Straggler 缓解的序列渐变编码 (Sequential Gradient Coding For Straggler Mitigation)

In distributed computing, slower nodes (stragglers) usually become a bottleneck. Gradient Coding (GC), introduced by Tandon et al., is an efficient technique that uses principles of error-correcting codes to distribute gradient computation in the presence of stragglers. In this paper, we consider the distributed computation of a sequence of gradients $\{g(1),g(2),\ldots,g(J)\}$, where processing of each gradient $g(t)$ starts in round-$t$ and finishes by round-$(t+T)$. Here $T\geq 0$ denotes a delay parameter. For the GC scheme, coding is only across computing nodes and this results in a solution where $T=0$. On the other hand, having $T>0$ allows for designing schemes which exploit the temporal dimension as well. In this work, we propose two schemes that demonstrate improved performance compared to GC. Our first scheme combines GC with selective repetition of previously unfinished tasks and achieves improved straggler mitigation. In our second scheme, which constitutes our main contribution, we apply GC to a subset of the tasks and repetition for the remainder of the tasks. We then multiplex these two classes of tasks across workers and rounds in an adaptive manner, based on past straggler patterns. Using theoretical analysis, we demonstrate that our second scheme achieves significant reduction in the computational load. In our experiments, we study a practical setting of concurrently training multiple neural networks over an AWS Lambda cluster involving 256 worker nodes, where our framework naturally applies. We demonstrate that the latter scheme can yield a 16\% improvement in runtime over the baseline GC scheme, in the presence of naturally occurring, non-simulated stragglers.

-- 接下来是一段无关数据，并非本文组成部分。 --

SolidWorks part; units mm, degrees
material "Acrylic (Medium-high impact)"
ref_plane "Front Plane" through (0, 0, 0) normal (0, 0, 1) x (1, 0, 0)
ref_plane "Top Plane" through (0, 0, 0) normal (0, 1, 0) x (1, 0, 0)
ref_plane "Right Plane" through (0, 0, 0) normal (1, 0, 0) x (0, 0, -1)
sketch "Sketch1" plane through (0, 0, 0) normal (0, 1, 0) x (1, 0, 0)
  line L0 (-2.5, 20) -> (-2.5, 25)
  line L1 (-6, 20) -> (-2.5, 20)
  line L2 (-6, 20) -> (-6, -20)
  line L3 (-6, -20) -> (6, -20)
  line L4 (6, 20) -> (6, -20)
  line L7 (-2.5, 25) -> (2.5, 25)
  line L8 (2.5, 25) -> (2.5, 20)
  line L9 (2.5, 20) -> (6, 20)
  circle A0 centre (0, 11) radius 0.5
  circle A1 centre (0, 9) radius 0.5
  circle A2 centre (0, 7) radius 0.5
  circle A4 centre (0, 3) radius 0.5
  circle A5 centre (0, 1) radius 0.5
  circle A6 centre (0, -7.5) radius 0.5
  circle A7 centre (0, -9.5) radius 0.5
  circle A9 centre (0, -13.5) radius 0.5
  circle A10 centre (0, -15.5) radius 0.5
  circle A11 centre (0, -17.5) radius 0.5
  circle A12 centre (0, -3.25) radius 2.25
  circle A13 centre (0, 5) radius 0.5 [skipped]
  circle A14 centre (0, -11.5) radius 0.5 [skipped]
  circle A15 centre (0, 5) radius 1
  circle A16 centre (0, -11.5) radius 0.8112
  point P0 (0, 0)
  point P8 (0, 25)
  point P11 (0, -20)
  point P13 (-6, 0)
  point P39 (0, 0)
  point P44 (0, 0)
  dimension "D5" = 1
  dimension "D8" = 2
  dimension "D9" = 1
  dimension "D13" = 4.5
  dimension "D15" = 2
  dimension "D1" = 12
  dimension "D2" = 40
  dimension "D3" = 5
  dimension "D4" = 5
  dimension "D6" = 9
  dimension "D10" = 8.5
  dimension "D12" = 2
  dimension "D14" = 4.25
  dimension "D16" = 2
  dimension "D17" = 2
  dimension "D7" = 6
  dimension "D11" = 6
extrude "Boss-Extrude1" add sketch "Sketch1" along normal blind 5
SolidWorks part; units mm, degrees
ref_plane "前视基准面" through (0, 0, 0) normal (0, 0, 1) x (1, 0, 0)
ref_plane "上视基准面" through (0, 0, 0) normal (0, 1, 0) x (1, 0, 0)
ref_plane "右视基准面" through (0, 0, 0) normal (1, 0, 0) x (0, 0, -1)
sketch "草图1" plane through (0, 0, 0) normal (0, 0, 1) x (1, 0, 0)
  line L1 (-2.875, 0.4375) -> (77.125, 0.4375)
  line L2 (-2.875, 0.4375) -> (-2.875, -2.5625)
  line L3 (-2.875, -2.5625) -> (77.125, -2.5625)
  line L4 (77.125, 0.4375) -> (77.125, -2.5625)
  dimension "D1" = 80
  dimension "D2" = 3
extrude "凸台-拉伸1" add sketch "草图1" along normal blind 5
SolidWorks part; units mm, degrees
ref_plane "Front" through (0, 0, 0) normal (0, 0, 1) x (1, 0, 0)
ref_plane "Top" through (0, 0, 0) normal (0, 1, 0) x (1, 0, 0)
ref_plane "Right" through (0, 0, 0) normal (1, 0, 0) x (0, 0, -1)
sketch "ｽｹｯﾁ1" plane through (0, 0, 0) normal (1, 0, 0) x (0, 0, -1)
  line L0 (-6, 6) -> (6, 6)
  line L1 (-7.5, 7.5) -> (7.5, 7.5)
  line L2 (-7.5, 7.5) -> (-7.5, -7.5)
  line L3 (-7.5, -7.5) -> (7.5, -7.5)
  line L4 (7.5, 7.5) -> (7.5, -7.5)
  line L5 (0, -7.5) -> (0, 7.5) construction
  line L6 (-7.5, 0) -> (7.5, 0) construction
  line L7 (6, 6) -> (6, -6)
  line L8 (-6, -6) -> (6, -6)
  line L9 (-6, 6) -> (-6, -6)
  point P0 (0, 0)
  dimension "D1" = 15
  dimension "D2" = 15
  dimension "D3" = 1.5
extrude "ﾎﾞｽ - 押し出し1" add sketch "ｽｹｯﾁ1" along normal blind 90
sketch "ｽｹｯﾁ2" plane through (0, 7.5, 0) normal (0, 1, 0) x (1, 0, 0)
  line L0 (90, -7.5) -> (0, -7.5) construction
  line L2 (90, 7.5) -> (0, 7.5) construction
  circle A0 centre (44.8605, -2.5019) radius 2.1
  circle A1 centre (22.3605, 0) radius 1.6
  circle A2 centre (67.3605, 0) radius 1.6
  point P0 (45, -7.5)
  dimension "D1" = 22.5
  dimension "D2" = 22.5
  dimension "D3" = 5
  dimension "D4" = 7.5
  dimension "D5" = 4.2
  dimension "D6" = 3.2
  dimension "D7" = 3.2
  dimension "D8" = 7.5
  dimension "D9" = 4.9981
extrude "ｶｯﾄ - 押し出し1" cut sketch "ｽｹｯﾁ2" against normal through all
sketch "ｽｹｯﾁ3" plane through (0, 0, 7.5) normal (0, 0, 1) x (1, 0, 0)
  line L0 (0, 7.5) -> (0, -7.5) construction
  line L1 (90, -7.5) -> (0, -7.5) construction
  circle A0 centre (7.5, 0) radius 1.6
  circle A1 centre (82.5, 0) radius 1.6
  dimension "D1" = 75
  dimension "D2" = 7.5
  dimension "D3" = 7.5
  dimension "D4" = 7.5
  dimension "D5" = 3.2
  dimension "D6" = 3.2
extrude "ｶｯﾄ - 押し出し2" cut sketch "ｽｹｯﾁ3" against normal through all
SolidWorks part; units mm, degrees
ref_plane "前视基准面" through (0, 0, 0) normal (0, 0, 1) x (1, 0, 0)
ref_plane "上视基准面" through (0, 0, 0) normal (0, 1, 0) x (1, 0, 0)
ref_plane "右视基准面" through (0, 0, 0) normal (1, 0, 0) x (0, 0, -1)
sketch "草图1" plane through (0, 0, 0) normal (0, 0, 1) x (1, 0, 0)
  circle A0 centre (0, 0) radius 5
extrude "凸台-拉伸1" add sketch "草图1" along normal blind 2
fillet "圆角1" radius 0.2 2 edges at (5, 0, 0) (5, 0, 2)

翻译：在分布式计算中,较慢的节点(straglers)通常会成为一个瓶颈。由Tandon等人介绍的Grated Coding(GC)是一种有效的技术,它使用错误校正代码的原则,在分流器面前分配梯度计算。在本文中,我们考虑对每梯度序列的分布计算 $g(1),g(2),\ldots,g(J) ⁇ $,其中每梯度的处理从圆-美元开始,以圆-美元开始,以圆-美元(t+T)完成。这里,$Tgeq 0美元表示网络延迟参数。对于GC 方案, 编码只在计算节点和计算梯度计算结果时使用。另一方面, 如果有$T>0美元, 就可以设计一个利用时间层面的系统。在这项工作中, 我们的第一个方案将GC 与先前未完成的任务有选择的重复重复, 并实现改进的递减。在我们的第二个方案中, 我们的第二个方案, 是我们在使用一个主要的周期中, 我们的再使用一个循环中, 我们的周期中, 将一个循环中, 我们的的再使用一个循环的计算。